Почему ему так важно, чтобы она узнала его край? А он продолжал говорить, рассказывать ей об Ай-Дере, о туркменских субтропиках. Она сказала, что скоро поедет в Кара-Кала за сыном, в детдом. Он с увлечением стал рассказывать ей об этих местах. Упомянул Кизыл-Арват, возле которого воевал с басмачами и погиб в начале двадцатых годов его отец.
Чарыев пригласил ее в Туркменский драматический театр, на спектакль «Бедность не порок». В театре они были втроем с его другом, пожилым рассудительным туркменом, сотрудником рукописного отдела Академии наук.
Было забавно смотреть на белокурых туркменок в русских платьях. По ходу действия они трогательно пели русские народные песни, и Маша чуть не ревела. Так же волновалась она и на опере «Евгении Онегин» в исполнении туркменских артистов. А что, разве не похоже? Почти как русские. Загримированы искусно. Только глаза слегка выдают восток.
Маша любила песни Ирмы Яунзем и Тамары Ханум, любила слушать Поля Робсона, исполняющего «Широка страна моя родная», слушать испанца Фернандо Кардону. Ратные у них голоса, разного масштаба таланты, но для Маши они все близки, она видит тут взаимный интерес народов друг к другу.
Спектакль окончился. Друг Чарыева попрощался, ушел. Остались вдвоем, — им было по пути. Впереди чернели дорожки городского сквера.

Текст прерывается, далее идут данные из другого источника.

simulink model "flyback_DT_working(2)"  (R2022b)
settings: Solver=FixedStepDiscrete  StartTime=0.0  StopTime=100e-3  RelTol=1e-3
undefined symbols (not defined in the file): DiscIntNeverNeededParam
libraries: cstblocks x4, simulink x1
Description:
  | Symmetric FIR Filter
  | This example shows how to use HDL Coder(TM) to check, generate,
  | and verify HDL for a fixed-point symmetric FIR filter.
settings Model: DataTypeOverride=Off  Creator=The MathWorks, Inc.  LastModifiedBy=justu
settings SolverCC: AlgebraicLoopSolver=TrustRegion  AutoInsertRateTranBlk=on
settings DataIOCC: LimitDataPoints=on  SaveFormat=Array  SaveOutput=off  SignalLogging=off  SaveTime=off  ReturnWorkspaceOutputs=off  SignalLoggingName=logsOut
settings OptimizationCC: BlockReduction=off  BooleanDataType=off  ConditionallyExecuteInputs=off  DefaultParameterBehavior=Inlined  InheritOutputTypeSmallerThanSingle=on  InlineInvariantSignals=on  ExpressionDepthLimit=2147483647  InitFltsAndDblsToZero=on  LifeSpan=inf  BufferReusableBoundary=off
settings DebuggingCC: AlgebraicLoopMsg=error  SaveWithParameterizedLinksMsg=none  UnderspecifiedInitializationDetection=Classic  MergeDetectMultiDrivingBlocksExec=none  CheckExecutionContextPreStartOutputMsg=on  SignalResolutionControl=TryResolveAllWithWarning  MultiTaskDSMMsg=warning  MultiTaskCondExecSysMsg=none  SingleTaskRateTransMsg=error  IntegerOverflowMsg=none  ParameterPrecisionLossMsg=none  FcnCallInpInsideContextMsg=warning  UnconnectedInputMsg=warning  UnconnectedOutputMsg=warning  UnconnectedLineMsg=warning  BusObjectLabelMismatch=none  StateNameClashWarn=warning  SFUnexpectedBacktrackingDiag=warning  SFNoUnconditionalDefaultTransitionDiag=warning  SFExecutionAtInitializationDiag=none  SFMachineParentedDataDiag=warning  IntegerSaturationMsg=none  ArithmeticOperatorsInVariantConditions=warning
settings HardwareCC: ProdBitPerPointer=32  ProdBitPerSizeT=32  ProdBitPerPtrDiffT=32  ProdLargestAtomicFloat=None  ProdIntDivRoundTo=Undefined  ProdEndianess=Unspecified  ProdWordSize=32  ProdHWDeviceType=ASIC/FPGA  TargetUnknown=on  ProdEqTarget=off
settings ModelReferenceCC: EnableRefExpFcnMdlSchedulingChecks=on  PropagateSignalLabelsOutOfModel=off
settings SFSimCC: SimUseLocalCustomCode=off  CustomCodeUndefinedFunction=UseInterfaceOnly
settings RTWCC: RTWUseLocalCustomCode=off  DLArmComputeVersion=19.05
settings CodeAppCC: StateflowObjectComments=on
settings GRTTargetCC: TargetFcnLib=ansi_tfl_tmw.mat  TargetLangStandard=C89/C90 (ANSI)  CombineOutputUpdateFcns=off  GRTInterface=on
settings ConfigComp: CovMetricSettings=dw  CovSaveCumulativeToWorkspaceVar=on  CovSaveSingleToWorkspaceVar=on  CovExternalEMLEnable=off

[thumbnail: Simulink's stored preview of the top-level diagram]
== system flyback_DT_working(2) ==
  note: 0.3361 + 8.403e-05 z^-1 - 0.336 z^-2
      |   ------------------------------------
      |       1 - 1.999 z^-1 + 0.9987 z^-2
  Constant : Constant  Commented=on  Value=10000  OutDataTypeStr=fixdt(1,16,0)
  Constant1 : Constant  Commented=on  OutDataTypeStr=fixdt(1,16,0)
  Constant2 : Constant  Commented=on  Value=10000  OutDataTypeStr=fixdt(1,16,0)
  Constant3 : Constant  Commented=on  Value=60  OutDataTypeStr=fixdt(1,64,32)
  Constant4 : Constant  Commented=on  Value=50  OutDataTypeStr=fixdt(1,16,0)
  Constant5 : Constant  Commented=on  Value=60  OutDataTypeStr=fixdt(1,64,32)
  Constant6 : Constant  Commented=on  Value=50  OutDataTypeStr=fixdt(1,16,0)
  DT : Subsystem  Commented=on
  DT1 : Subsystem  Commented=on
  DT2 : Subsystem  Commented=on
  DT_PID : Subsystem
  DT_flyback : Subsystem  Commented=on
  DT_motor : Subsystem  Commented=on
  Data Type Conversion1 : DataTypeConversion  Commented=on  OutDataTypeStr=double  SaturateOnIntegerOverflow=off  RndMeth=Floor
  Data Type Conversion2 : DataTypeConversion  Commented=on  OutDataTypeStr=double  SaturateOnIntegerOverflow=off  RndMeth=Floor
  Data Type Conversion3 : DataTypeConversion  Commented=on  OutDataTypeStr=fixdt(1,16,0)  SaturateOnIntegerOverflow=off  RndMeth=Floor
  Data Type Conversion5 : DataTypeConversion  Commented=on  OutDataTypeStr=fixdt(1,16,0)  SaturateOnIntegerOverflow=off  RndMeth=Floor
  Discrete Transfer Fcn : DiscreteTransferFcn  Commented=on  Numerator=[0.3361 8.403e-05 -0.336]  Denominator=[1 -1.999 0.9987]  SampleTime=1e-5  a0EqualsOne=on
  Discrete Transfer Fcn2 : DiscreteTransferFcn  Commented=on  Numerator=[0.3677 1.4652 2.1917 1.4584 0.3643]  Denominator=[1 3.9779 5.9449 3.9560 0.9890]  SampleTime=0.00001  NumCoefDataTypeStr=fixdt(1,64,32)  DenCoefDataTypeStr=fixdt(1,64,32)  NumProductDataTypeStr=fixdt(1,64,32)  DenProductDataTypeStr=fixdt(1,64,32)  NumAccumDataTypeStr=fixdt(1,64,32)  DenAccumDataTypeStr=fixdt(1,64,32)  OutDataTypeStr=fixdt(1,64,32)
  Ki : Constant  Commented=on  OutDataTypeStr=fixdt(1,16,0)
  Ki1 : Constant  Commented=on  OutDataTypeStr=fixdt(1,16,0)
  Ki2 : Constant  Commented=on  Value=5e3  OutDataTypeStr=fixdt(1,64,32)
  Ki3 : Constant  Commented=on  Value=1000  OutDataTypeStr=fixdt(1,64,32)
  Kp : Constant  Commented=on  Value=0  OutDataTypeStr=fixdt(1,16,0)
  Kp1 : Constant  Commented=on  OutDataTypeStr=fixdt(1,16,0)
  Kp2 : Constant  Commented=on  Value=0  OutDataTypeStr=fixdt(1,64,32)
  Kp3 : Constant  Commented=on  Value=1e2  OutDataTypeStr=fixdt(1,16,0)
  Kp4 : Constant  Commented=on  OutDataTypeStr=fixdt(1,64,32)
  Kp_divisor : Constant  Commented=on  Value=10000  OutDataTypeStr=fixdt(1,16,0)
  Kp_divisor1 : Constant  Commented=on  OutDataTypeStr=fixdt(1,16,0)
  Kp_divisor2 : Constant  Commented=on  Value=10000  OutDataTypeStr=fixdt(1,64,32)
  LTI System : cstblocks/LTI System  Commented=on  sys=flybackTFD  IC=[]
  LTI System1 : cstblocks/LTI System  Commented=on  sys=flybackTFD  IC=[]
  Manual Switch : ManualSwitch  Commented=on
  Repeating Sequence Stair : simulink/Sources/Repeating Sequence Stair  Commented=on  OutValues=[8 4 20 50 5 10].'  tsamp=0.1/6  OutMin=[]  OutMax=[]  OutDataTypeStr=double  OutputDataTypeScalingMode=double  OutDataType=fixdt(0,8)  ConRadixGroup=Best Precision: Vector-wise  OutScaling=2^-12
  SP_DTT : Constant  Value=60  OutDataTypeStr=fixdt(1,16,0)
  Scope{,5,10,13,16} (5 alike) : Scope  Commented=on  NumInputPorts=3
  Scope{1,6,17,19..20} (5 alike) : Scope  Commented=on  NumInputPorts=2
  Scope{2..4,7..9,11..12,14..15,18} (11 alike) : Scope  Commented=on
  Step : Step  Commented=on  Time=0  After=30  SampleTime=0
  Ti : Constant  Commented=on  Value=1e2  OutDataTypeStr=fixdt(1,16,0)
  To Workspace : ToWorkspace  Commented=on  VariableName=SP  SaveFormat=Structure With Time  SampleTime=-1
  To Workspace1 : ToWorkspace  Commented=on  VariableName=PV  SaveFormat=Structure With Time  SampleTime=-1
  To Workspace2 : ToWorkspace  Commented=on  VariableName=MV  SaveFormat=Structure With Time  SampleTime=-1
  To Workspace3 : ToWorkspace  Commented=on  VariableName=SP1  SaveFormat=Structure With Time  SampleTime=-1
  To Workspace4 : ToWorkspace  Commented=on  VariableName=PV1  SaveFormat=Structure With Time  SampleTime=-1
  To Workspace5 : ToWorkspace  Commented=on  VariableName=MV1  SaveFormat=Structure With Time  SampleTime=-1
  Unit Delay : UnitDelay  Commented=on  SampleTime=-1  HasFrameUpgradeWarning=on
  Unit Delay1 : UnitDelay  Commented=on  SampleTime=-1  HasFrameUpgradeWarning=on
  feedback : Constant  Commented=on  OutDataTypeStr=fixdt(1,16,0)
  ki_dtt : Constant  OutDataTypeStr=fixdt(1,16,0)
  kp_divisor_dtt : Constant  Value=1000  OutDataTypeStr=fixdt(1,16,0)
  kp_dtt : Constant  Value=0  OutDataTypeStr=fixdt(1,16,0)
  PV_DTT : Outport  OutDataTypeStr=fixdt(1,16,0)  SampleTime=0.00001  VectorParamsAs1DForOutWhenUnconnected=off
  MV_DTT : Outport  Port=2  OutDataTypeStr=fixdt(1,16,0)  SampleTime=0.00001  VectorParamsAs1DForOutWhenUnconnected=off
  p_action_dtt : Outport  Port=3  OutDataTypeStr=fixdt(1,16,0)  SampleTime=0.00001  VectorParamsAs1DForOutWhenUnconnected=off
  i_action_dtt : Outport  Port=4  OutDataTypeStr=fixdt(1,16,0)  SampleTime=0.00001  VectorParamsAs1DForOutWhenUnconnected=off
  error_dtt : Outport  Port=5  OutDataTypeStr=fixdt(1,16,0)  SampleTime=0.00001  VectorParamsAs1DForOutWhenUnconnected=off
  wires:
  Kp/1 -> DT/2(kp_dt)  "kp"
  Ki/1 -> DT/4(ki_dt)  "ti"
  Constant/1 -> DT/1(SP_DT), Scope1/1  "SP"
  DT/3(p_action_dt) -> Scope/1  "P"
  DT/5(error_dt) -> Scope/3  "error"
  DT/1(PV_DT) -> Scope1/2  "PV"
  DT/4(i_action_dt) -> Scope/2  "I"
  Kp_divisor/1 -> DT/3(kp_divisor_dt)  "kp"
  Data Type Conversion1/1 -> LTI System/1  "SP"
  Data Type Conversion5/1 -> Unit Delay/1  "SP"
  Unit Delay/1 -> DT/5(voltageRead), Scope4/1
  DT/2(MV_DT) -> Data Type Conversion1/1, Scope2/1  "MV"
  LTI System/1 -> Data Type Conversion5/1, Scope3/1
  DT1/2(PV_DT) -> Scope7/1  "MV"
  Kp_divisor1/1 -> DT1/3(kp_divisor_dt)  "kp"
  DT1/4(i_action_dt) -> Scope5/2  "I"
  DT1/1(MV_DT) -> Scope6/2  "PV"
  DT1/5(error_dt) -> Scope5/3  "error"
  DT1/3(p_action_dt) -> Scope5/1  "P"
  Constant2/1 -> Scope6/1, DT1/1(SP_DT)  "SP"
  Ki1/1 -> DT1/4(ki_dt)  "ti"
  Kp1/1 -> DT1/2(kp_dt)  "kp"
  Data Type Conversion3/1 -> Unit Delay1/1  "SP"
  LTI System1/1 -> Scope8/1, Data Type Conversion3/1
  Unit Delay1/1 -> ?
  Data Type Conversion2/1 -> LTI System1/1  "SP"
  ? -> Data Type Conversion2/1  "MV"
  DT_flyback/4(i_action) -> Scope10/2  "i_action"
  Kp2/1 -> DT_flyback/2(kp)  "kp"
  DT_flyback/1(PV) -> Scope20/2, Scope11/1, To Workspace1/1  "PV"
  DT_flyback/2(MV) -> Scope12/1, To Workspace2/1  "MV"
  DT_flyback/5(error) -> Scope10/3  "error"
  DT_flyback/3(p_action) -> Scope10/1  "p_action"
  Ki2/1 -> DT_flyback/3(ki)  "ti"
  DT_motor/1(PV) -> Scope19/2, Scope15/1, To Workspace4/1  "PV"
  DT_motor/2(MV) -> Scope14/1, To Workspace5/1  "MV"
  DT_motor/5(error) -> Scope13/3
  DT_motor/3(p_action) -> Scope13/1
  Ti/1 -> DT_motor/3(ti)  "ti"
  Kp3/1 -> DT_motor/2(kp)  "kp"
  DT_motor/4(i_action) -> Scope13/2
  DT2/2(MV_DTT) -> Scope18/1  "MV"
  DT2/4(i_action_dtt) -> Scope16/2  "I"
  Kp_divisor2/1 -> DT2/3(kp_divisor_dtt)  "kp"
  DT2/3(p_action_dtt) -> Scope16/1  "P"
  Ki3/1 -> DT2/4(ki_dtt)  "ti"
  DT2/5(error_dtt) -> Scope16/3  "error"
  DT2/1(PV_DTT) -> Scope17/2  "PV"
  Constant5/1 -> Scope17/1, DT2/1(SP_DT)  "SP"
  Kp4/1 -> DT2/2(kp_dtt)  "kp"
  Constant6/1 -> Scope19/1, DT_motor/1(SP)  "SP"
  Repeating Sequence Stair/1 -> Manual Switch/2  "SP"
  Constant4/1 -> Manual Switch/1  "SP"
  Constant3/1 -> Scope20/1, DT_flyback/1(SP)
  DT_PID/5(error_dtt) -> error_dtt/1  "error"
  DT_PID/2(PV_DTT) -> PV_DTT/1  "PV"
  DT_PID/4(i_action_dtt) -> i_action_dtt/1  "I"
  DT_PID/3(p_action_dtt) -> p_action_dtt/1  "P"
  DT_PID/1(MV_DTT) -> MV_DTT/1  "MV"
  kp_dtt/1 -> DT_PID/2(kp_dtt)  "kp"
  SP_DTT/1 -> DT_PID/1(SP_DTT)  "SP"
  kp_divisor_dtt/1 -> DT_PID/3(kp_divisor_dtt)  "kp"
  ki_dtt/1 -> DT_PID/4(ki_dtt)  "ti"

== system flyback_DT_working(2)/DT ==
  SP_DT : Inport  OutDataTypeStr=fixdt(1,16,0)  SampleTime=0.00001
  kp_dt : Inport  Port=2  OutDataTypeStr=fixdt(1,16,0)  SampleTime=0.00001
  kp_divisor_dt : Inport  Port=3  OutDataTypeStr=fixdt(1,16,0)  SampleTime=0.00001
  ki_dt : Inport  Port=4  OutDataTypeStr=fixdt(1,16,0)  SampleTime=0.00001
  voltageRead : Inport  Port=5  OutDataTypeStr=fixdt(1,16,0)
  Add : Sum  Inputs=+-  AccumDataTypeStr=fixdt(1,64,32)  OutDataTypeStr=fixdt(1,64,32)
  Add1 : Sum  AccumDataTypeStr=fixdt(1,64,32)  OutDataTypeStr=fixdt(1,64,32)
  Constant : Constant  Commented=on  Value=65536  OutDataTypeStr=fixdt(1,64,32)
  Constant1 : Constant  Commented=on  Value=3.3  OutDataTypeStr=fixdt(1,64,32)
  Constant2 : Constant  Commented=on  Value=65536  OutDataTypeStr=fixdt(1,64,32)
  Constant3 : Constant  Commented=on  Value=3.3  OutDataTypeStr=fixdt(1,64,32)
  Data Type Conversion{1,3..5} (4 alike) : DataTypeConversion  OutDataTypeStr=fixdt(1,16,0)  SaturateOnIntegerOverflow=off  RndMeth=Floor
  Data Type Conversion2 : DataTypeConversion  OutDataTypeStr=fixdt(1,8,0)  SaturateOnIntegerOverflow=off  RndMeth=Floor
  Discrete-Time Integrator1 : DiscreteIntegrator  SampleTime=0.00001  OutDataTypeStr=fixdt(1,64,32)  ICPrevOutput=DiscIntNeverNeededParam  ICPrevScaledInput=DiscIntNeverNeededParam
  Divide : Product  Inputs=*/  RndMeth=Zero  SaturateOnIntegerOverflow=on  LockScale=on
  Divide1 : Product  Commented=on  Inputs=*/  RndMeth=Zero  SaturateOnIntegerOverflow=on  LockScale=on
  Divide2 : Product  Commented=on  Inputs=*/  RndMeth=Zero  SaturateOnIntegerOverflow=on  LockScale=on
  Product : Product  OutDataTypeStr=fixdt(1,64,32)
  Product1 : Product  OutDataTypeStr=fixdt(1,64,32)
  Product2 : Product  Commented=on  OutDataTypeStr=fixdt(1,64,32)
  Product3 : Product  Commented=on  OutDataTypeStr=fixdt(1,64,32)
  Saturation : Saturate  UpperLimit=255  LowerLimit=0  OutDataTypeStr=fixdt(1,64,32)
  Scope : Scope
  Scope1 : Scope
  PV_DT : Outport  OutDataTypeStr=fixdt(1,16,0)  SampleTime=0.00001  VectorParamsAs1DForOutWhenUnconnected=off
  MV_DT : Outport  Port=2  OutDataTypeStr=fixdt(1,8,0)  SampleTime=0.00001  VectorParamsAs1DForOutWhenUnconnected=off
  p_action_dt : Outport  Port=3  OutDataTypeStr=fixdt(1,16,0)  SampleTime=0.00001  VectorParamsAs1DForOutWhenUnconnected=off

Стояла безлунная туркменская ночь. Маша едва различала спутника, шедшего рядом.
— Почему скрываетесь от меня? Почему избегаете? — спросил он неожиданно Машу.
— Разве я скрываюсь? Вот сегодня были в театре…
— А разве вы не замечаете, что со мной делается? Я одну вас вижу, ни о ком думать не могу.
Он внезапно обнял ее и притянул к себе. Она гнулась в его руках, пытаясь вырваться, а он не отпускал и говорил:
— Я думал, мы с тобой — огонь и огонь, вода и вода. Значит, не так, огонь и вода, огонь и снег?
С большим трудом она вырвалась из его железных объятий, нет не железных, — горячих, нежных, хотя и сильных. Вырвалась и побежала прочь.
— Бежишь? Ну, догнать я тебя не смогу, — сказал он зло.
Черствая бездушная женщина! Ты бежишь, пользуясь его увечьем, его слабостью. Ты, которая рождена для добра, для того, чтобы согревать, радовать людей!
Нет, она не остановилась. Снег и огонь? Но иначе она не могла. В те минуты ей показалось, что жизнь Кости — в ее руках и судьба его зависит от нее одной. Она не могла поступить иначе. Она уже знает цену счастья, цену семьи.
Глава 25. За сыном
Скоро домой, в Ленинград! Мама уже хлопочет о вызове. Его пришлют не сегодня-завтра. К отъезду надо хорошенько подготовиться, запасти всем детям шерстяные чулки, рейтузы, пальто, — здесь шерсть дешевая. Бабушка и Зою научила вязать, — девочка сама шарфик вывязала себе, умница. Чулки и прочее вяжет уборщица института тетя Шура, недорого.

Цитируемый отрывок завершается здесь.